Figurative painter Kim Gulino and family

BIO

I moved away from a small New England town to a sprawling city in the south. This was the 1960s and as the culture shocks kept coming, the world seemed to break apart. Racial tensions were inflamed by the launch of a new and controversial busing program. On television, we witnessed the assassinations of President Kennedy, Robert Kennedy and Martin Luther King, the killing of Lee Harvey Oswald, and images of dead soldiers and the bloody conflict in Vietnam. Bad news followed with the Charles Manson cult murders, the deaths at the Altamont Free Concert, and the massacre at Kent State University. All this disturbing violence and the angry protests were broadcast everywhere, and continuously. Although great music, and powerful youth and feminism movements helped smooth out some of the jagged edges, my family still managed to squeeze in three more household moves. By the time the Watergate scandal broke and President Nixon resigned, the Vietnam War finally ended, and Son of Sam completed his serial killings, the cultural turmoil took a rest. But by then, childhood was over.
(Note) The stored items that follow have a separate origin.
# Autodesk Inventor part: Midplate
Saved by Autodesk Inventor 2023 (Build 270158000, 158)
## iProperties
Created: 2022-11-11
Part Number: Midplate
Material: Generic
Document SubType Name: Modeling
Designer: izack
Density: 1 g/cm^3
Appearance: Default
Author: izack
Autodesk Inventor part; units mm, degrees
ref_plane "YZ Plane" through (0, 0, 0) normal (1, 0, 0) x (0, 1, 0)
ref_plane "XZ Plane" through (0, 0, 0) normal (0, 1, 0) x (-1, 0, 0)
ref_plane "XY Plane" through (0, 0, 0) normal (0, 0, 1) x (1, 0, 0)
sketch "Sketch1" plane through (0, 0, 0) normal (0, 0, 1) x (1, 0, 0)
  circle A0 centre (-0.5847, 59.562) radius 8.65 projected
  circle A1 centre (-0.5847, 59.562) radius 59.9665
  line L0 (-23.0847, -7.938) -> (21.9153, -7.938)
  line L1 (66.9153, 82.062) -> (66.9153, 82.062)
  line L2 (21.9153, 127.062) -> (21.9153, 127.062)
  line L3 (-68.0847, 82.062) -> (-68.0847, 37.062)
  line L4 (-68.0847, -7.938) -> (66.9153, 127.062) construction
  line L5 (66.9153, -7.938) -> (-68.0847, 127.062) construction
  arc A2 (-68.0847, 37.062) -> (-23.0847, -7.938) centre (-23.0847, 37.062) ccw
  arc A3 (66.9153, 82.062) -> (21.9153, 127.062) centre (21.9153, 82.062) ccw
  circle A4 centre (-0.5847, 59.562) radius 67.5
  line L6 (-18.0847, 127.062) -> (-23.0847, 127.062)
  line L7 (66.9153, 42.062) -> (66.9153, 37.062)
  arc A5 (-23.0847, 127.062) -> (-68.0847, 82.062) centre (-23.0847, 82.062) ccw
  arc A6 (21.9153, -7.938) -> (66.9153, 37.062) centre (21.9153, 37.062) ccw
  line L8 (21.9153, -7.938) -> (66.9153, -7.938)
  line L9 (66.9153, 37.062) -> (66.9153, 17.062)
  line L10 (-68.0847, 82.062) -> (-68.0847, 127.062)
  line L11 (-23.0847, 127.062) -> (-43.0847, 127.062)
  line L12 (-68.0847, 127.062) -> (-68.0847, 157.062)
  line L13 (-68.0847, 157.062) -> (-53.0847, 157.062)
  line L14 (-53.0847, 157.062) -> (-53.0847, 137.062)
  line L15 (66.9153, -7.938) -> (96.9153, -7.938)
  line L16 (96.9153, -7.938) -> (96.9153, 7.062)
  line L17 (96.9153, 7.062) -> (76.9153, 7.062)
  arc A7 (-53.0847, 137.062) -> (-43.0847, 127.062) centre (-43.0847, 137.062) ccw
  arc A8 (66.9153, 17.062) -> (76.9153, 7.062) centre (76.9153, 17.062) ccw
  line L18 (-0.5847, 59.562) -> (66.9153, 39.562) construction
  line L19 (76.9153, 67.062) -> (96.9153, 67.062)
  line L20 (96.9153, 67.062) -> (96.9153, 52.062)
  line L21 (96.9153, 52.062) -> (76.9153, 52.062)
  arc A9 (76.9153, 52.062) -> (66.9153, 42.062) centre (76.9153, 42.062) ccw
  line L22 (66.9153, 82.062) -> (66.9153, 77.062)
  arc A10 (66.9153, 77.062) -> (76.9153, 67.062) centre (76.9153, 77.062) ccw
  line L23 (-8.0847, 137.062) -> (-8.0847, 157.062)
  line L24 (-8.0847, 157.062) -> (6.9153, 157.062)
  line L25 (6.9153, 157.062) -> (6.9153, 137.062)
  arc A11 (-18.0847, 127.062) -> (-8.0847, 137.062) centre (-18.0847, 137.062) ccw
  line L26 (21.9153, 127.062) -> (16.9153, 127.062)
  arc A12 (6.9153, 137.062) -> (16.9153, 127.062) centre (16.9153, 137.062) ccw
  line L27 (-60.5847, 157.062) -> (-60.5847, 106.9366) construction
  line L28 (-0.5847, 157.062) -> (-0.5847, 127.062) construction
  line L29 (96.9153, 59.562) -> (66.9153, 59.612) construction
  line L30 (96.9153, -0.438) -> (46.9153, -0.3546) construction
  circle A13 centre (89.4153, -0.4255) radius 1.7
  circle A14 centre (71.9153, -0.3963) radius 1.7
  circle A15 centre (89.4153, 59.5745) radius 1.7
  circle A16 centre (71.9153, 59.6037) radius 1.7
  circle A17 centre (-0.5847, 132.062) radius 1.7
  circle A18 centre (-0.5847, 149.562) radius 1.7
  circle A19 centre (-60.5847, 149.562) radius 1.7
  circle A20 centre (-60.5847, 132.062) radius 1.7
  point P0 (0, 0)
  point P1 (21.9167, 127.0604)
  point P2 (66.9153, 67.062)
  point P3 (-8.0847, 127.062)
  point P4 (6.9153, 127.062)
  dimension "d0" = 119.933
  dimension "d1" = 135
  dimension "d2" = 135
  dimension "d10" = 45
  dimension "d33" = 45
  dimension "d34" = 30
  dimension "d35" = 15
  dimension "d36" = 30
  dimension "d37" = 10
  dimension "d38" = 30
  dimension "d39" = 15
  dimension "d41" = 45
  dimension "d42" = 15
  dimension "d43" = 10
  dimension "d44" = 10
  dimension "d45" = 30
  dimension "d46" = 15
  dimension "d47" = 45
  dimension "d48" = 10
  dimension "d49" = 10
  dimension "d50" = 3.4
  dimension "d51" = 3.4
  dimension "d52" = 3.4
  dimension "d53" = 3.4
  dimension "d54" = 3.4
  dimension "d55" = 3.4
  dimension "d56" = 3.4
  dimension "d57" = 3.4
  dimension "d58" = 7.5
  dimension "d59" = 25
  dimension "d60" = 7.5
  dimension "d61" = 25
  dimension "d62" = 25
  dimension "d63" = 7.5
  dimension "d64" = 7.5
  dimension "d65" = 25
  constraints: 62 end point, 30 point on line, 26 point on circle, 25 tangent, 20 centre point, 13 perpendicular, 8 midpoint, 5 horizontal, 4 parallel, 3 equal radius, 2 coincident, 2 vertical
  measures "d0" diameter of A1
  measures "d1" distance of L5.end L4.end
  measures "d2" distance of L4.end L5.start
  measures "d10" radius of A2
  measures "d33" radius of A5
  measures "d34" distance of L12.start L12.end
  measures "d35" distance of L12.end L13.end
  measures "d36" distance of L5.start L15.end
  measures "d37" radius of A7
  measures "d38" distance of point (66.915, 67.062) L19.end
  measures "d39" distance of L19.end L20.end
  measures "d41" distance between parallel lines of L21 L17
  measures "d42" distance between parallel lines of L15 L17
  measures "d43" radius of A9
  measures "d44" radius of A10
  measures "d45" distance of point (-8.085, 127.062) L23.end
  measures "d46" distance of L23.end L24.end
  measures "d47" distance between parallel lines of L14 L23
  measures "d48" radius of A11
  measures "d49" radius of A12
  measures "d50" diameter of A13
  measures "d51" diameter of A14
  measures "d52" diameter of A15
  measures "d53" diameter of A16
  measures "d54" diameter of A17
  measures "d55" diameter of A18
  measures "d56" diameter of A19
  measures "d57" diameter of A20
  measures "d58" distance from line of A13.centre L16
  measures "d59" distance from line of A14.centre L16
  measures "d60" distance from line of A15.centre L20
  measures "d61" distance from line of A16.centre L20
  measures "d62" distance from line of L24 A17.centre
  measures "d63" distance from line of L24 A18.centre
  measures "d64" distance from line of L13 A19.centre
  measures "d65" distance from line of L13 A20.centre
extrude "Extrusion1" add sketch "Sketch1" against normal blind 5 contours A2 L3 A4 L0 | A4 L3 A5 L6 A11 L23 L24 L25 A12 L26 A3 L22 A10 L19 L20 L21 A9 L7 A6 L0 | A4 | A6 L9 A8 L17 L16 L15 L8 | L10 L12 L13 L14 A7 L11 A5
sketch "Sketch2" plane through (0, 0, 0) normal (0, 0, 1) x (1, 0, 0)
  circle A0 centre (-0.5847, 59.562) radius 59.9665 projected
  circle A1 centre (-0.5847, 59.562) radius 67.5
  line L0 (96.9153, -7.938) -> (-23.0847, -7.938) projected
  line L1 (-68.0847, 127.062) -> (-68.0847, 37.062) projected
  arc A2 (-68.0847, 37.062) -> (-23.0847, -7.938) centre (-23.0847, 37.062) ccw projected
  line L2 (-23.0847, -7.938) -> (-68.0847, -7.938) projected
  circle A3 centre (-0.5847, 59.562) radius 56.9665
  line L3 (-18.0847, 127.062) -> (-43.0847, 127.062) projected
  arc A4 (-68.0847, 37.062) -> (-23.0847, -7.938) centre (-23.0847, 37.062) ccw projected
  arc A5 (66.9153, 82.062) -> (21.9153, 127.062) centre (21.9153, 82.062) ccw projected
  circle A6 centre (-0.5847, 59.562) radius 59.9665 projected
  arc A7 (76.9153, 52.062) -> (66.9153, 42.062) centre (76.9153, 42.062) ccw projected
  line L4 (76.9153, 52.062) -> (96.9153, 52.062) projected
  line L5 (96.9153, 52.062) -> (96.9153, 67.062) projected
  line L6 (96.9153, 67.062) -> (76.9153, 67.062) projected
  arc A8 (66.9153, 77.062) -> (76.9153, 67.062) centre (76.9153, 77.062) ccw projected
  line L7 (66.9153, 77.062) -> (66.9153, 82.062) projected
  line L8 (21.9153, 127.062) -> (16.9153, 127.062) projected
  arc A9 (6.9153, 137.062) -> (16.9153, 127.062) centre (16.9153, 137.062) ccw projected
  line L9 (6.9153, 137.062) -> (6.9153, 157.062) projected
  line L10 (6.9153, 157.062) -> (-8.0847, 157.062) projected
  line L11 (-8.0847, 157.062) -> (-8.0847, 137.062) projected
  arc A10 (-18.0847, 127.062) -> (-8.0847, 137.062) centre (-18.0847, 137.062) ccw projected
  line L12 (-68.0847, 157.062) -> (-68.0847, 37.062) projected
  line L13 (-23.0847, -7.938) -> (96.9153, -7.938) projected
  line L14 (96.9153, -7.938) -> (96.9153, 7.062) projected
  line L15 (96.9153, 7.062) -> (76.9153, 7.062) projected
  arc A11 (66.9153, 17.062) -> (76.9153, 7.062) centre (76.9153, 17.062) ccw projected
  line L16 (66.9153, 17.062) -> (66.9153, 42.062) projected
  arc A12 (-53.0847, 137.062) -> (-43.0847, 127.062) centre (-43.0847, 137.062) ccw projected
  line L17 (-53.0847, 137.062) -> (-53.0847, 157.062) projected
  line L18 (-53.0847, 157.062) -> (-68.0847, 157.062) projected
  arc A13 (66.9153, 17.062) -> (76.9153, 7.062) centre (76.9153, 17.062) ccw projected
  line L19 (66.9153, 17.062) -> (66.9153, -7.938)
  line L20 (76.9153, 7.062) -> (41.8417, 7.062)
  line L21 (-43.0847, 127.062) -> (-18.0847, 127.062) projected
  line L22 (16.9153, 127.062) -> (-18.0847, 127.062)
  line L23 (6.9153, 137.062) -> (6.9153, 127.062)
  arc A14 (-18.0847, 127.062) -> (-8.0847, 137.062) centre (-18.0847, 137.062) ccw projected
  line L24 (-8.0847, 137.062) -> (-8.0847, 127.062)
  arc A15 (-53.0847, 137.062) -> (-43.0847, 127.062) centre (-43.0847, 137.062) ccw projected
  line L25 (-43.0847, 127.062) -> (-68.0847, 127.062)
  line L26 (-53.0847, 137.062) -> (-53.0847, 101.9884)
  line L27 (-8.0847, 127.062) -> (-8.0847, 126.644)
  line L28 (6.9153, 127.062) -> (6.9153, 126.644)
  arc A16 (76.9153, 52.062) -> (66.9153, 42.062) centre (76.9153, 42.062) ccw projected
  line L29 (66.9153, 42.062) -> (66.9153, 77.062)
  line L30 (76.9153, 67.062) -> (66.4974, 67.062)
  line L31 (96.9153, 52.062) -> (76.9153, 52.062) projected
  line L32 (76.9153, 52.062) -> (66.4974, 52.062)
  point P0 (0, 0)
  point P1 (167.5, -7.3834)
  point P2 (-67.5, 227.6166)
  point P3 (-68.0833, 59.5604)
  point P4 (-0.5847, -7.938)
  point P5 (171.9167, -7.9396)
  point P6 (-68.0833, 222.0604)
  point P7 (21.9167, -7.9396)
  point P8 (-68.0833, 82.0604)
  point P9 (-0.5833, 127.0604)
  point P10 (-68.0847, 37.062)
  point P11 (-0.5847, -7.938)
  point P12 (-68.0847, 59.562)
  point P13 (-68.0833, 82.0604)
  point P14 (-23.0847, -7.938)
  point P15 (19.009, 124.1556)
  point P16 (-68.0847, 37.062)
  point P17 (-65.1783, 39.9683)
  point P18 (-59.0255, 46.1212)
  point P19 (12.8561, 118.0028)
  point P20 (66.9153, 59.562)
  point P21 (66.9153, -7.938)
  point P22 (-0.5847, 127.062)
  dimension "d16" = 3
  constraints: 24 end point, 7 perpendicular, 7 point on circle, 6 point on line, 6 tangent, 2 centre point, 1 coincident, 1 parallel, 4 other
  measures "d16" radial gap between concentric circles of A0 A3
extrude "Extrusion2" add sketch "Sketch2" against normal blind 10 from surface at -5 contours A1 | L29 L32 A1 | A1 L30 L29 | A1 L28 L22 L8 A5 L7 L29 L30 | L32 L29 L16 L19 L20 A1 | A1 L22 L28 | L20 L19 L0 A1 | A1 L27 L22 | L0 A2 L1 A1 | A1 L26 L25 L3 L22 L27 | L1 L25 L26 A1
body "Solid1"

Painter Kim Gulino attending college in Ohio

EDUCATION

Not surprisingly, drawing soothed me. That desire to “make pictures” likely stemmed from an interest in cartoons and comics, television, and magazines. For the little I knew then, Andy Warhol and Pop Art were the beginning of all art history. I expanded my knowledge and discovered new mediums after spending two years at Marietta College in Ohio, and then transferring to Syracuse University in New York, where I graduated with a BFA in Illustration from their College of Visual and Performing Arts. After school, I found a job in New York City, at a time when it was becoming the epicenter of experimental art. Warhol, Jean-Michel Basquiat and Keith Haring were still alive. Working artists such as Nan Goldin, Cindy Sherman, Julian Schnabel, David Salle, and Eric Fischl and many others, were around my age. Being close enough to observe all the creativity coming out of Soho and this “East Village Art Movement,” led me to think this was the best place and the perfect time to kickstart my own painting.